Work instructions: From the records below, count the lines holding the string "vmax". Only the number is wanted.

┄┄┄┄┄┄┄┄┄┄

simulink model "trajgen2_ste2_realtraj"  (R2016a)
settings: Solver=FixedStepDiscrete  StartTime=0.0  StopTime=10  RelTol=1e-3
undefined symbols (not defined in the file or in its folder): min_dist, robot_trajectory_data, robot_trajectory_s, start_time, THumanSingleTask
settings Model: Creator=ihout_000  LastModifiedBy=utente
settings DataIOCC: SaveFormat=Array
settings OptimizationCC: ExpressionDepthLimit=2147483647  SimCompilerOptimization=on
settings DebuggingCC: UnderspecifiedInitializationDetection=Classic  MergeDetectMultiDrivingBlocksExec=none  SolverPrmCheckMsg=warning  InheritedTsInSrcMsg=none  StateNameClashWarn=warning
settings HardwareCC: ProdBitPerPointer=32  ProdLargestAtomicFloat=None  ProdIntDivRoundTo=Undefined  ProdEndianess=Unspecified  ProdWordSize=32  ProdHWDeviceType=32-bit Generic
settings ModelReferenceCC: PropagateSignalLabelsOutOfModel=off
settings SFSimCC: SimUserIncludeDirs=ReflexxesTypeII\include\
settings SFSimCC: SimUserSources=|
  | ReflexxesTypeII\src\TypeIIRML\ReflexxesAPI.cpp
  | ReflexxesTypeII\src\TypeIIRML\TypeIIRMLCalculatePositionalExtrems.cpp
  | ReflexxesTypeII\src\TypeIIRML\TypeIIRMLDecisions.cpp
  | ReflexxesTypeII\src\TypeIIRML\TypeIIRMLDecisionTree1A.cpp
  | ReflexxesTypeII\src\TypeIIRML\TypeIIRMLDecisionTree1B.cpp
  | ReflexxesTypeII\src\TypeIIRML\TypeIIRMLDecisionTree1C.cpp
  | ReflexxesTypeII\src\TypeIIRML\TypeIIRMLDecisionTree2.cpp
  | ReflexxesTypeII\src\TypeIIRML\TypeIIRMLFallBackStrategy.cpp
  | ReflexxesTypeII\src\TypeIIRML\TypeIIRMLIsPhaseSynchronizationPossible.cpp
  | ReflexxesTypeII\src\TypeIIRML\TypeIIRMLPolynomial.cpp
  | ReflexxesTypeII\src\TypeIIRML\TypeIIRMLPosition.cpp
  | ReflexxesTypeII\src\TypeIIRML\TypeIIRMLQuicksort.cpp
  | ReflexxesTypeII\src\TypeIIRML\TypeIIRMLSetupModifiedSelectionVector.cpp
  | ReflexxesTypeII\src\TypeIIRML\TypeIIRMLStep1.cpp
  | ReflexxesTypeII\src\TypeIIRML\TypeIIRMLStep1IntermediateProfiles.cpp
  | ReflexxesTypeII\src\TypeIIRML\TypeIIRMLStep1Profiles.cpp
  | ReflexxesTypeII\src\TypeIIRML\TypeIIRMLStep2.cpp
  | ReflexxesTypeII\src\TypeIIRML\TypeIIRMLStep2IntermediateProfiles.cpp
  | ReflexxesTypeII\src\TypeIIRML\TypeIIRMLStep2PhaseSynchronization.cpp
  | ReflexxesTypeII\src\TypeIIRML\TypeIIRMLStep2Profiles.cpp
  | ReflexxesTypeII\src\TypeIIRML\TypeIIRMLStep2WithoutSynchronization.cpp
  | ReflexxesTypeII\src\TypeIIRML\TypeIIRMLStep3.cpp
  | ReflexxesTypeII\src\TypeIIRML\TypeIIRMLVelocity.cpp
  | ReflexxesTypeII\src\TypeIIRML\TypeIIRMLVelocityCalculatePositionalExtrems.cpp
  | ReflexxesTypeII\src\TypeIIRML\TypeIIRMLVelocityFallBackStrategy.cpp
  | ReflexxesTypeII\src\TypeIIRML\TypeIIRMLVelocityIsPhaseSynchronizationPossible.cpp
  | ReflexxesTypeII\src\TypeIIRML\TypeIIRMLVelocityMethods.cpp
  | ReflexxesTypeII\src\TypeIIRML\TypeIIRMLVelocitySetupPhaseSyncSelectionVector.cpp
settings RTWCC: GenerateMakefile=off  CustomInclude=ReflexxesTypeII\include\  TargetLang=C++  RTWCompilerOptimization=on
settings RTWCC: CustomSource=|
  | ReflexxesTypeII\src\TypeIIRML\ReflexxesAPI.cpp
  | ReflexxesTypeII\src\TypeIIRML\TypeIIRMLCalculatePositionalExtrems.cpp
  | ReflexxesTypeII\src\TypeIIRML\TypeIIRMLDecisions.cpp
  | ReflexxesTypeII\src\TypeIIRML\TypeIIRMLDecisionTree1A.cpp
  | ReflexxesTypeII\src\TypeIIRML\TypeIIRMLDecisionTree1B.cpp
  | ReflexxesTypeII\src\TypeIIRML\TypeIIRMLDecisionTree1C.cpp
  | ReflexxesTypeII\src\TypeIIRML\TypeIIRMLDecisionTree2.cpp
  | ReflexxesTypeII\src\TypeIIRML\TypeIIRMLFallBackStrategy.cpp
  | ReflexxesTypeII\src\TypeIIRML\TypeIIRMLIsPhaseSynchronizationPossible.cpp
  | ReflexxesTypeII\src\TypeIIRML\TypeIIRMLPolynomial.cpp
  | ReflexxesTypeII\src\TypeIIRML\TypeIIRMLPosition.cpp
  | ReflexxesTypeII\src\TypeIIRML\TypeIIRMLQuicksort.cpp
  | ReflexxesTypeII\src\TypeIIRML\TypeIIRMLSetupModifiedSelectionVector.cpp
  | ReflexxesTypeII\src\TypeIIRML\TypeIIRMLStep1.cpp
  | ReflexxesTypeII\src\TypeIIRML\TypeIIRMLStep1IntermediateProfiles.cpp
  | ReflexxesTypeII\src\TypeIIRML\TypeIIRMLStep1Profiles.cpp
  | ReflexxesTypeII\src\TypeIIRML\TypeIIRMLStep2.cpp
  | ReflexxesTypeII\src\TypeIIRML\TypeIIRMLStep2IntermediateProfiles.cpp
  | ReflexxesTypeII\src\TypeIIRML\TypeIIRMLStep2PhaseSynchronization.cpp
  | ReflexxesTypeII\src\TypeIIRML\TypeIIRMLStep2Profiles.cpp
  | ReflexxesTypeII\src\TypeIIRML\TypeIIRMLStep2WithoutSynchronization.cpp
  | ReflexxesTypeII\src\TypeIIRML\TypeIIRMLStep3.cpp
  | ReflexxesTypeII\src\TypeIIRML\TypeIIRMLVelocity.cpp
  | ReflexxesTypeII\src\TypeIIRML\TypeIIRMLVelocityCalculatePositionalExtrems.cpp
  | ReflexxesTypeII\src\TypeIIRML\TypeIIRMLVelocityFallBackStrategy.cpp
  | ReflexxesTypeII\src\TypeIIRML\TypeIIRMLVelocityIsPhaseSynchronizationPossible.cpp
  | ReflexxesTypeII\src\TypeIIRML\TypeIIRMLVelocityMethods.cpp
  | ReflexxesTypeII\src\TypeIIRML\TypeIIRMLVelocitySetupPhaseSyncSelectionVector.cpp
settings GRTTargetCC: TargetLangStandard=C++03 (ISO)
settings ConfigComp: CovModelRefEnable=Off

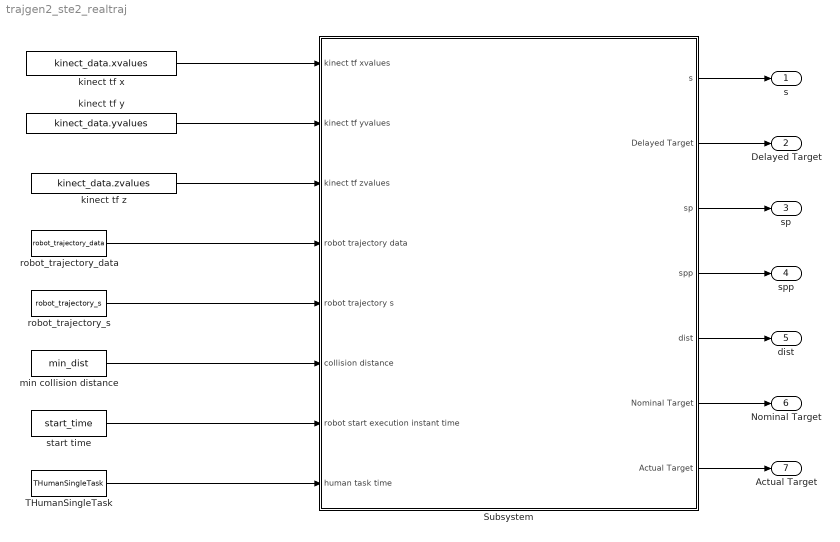
== system trajgen2_ste2_realtraj ==
  Subsystem : Subsystem
  THumanSingleTask : Constant  Value=THumanSingleTask
  kinect tf x : FromWorkspace  VariableName=kinect_data.xvalues  OutDataTypeStr=double
  kinect tf y : FromWorkspace  VariableName=kinect_data.yvalues  SampleTime=0
  kinect tf z : FromWorkspace  VariableName=kinect_data.zvalues  SampleTime=0
  min collision distance : Constant  Value=min_dist
  robot_trajectory_data : Constant  Value=robot_trajectory_data
  robot_trajectory_s : Constant  Value=robot_trajectory_s
  start time : Constant  Value=start_time
  s : Outport
  "Delayed Target " : Outport  Port=2
  sp : Outport  Port=3
  spp : Outport  Port=4
  dist : Outport  Port=5
  Nominal Target : Outport  Port=6
  Actual Target : Outport  Port=7
  wires:
  Subsystem/1(s) -> s/1
  kinect tf x/1 -> Subsystem/1("kinect tf xvalues ")
  kinect tf z/1 -> Subsystem/3(kinect tf zvalues)
  kinect tf y/1 -> Subsystem/2(kinect tf yvalues)
  Subsystem/2("Delayed Target ") -> "Delayed Target "/1
  robot_trajectory_data/1 -> Subsystem/4(robot trajectory data)
  robot_trajectory_s/1 -> Subsystem/5(robot trajectory s)
  Subsystem/5(dist) -> dist/1
  Subsystem/3(sp) -> sp/1
  Subsystem/4(spp) -> spp/1
  min collision distance/1 -> Subsystem/6(collision distance)
  Subsystem/6(Nominal Target) -> Nominal Target/1
  Subsystem/7(Actual Target) -> Actual Target/1
  start time/1 -> Subsystem/7(robot start execution instant time)
  THumanSingleTask/1 -> Subsystem/8("human task time ")

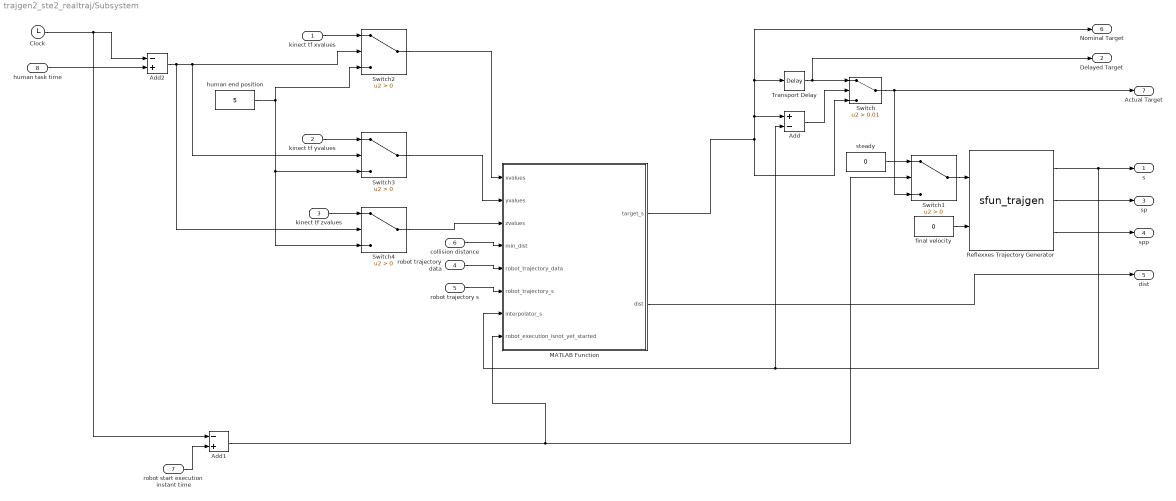
== system trajgen2_ste2_realtraj/Subsystem ==
  "kinect tf xvalues " : Inport
  kinect tf yvalues : Inport  Port=2
  kinect tf zvalues : Inport  Port=3
  robot trajectory data : Inport  Port=4
  robot trajectory s : Inport  Port=5
  collision distance : Inport  Port=6
  robot start execution instant time : Inport  Port=7
  "human task time " : Inport  Port=8
  Add : Sum  Inputs=+-
  Add1 : Sum  Inputs=-+
  Add2 : Sum  Inputs=-+
  Clock : Clock
  MATLAB Function : MATLAB Function  TreatAsAtomicUnit=on
  Reflexxes Trajectory Generator : S-Function  FunctionName=sfun_trajgen  Parameters=ts,ndofs,pinit,vmax,amax,jmax,sync  SFunctionDeploymentMode=off  EnableBusSupport=off  mask{ts=0.005, ndofs=1, pinit=0, vmax=0.250, amax=0.115, jmax=10000000000, sync=PHASE_SYNCHRONIZATION_IF_POSSIBLE}
      mask prompts: ts "Sample Time:"; ndofs "Number of DoF's:"; pinit "Initial Position Vector:"; vmax "Maximum Velocity Vector:"; amax "Maximum Acceleration Vector:"; jmax "Maximum Jerk Vector:"; sync "Synchronization Behavior:"
      mask TypeOptions sync: NO_SYNCHRONIZATION | PHASE_SYNCHRONIZATION_IF_POSSIBLE | ONLY_TIME_SYNCHRONIZATION | ONLY_PHASE_SYNCHRONIZATION
      mask Display:
      | port_label('input', 1, 'target_pos')
      | port_label('input', 2, 'target_vel')
      | port_label('output', 1, 'pos')
      | port_label('output', 2, 'vel')
      | port_label('output', 3, 'acc')
  Switch : Switch  Criteria=u2 > Threshold  Threshold=0.01
  Switch{1..4} (4 alike) : Switch  Criteria=u2 > Threshold
  Transport Delay : TransportDelay  DelayTime=0.5
  final velocity : Constant  Value=0
  human end position : Constant  Value=5
  steady : Constant  Value=0
  s : Outport
  "Delayed Target " : Outport  Port=2
  sp : Outport  Port=3
  spp : Outport  Port=4
  dist : Outport  Port=5
  Nominal Target : Outport  Port=6
  Actual Target : Outport  Port=7
  wires:
  Reflexxes Trajectory Generator/1 -> Add/2, MATLAB Function/7(interpolator_s), s/1
  final velocity/1 -> Reflexxes Trajectory Generator/2
  kinect tf yvalues/1 -> Switch3/1
  kinect tf zvalues/1 -> Switch4/1
  MATLAB Function/1(target_s) -> Nominal Target/1, Transport Delay/1, Add/1, Switch/3
  robot trajectory data/1 -> MATLAB Function/5(robot_trajectory_data)
  robot trajectory s/1 -> MATLAB Function/6(robot_trajectory_s)
  MATLAB Function/2(dist) -> dist/1
  Reflexxes Trajectory Generator/2 -> sp/1
  Reflexxes Trajectory Generator/3 -> spp/1
  collision distance/1 -> MATLAB Function/4(min_dist)
  Switch/1 -> Switch1/3, Actual Target/1
  Transport Delay/1 -> "Delayed Target "/1, Switch/1
  Add/1 -> Switch/2
  Switch1/1 -> Reflexxes Trajectory Generator/1
  robot start execution instant time/1 -> Add1/2
  Add1/1 -> Switch1/2, MATLAB Function/8(robot_execution_isnot_yet_started)
  steady/1 -> Switch1/1
  "kinect tf xvalues "/1 -> Switch2/1
  "human task time "/1 -> Add2/2
  Clock/1 -> Add1/1, Add2/1
  Add2/1 -> Switch4/2, Switch3/2, Switch2/2
  human end position/1 -> Switch2/3, Switch3/3, Switch4/3
  Switch2/1 -> MATLAB Function/1(xvalues)
  Switch3/1 -> MATLAB Function/2(yvalues)
  Switch4/1 -> MATLAB Function/3(zvalues)

== matlab function trajgen2_ste2_realtraj/Subsystem/MATLAB Function ==
  data: xvalues input; yvalues input; zvalues input; min_dist input; robot_trajectory_data input; robot_trajectory_s input; interpolator_s input; robot_execution_isnot_yet_started input; target_s output; dist output
function [ target_s, dist] = fcn( xvalues, yvalues, zvalues, min_dist, robot_trajectory_data, robot_trajectory_s, interpolator_s, robot_execution_isnot_yet_started )

coder.extrinsic('diff');
coder.extrinsic('cumsum');

persistent speex speey speez spwx spwy spwz spex spey spez dex dey dez de deex deey deez dee dwx dwy dwz dw dlx dly dlz dl

if isempty( speex )
    % spline end-effector
    speex = spline( robot_trajectory_s, robot_trajectory_data(:,1) );
    speey = spline( robot_trajectory_s, robot_trajectory_data(:,2) );
    speez = spline( robot_trajectory_s, robot_trajectory_data(:,3) );

    % spline wrist
    spwx  = spline( robot_trajectory_s, robot_trajectory_data(:,4) );
    spwy  = spline( robot_trajectory_s, robot_trajectory_data(:,5) );
    spwz  = spline( robot_trajectory_s, robot_trajectory_data(:,6) );

    % spline elbow
    spex  = spline( robot_trajectory_s, robot_trajectory_data(:,7) );
    spey  = spline( robot_trajectory_s, robot_trajectory_data(:,8) );
    spez  = spline( robot_trajectory_s, robot_trajectory_data(:,9) );
    
    dex  = 0; dey  = 0; dez  = 0; de  = 0;
    dwx  = 0; dwy  = 0; dwz  = 0; dw  = 0;
    deex = 0; deey = 0; deez = 0; dee = 0;
    dlx  = 0; dly  = 0; dlz  = 0; dl  = 0;

end

%%% pos end-effector
ree = [ ppval( interpolator_s * robot_trajectory_s(end), speex )' ... 
      ; ppval( interpolator_s * robot_trajectory_s(end), speey )' ...
      ; ppval( interpolator_s * robot_trajectory_s(end), speez )' ];

%%% pos wrist
rw  = [ ppval( interpolator_s * robot_trajectory_s(end), spwx )' ... 
      ; ppval( interpolator_s * robot_trajectory_s(end), spwy )' ...
      ; ppval( interpolator_s * robot_trajectory_s(end), spwz )' ];

%%% pos elbow
re  = [ ppval( interpolator_s * robot_trajectory_s(end), spex )' ... 
      ; ppval( interpolator_s * robot_trajectory_s(end), spey )' ...
      ; ppval( interpolator_s * robot_trajectory_s(end), spez )' ];

%%% each value is corresponding to the xyz of a different tf
dist = 0;
if (robot_execution_isnot_yet_started >= 0)
    target_s = 0;
elseif interpolator_s == 1
    target_s = interpolator_s;
else 
    for i=1:length(xvalues) %%% cycle over tf

        % distance human - ee
        deex = xvalues(i) - ree(1); deey = yvalues(i) - ree(2); deez = zvalues(i) - ree(3);
        dee  = sqrt( deex^2 + deey^2 + deez^2 ); 
        
        % distance human - wrist
        dwx  = xvalues(i) - rw(1);  dwy  = yvalues(i) - rw(2);  dwz  = zvalues(i) - rw(3);
        dw   = sqrt( dwx^2  + dwy^2  + dwz^2  );
        
        % distance human - elbow
        dex  = xvalues(i) - re(1);  dey  = yvalues(i) - re(2);  dez  = zvalues(i) - re(3);
        de   = sqrt( dex^2  + dey^2  + dez^2  );
        
        % distance human - line from elbow to wrsit
        dwex = rw(1)-re(1);  dwey  = (rw(2) - re(2) );  dwez  = (rw(3) - re(3) );

        dlx  = (  dey*dwez - dez*dwey ) / sqrt( dwex^2 + dwey^2 + dwez^2 );
        dly  = (  dez*dwex - dex*dwez ) / sqrt( dwex^2 + dwey^2 + dwez^2 );
        dlz  = (  dex*dwey - dey*dwex ) / sqrt( dwex^2 + dwey^2 + dwez^2 );
        
        dl   = sqrt( dlx^2 + dly^2 + dlz^2 );
        
        dist = min( [dee, dw, de, dl ] ) ;
        
        if dist > min_dist
            target_s = 1;
        else
            target_s = interpolator_s;
            break;
        end
    end
end

 %target_s = 1;

┄┄┄┄┄┄┄┄┄┄

Response area: 2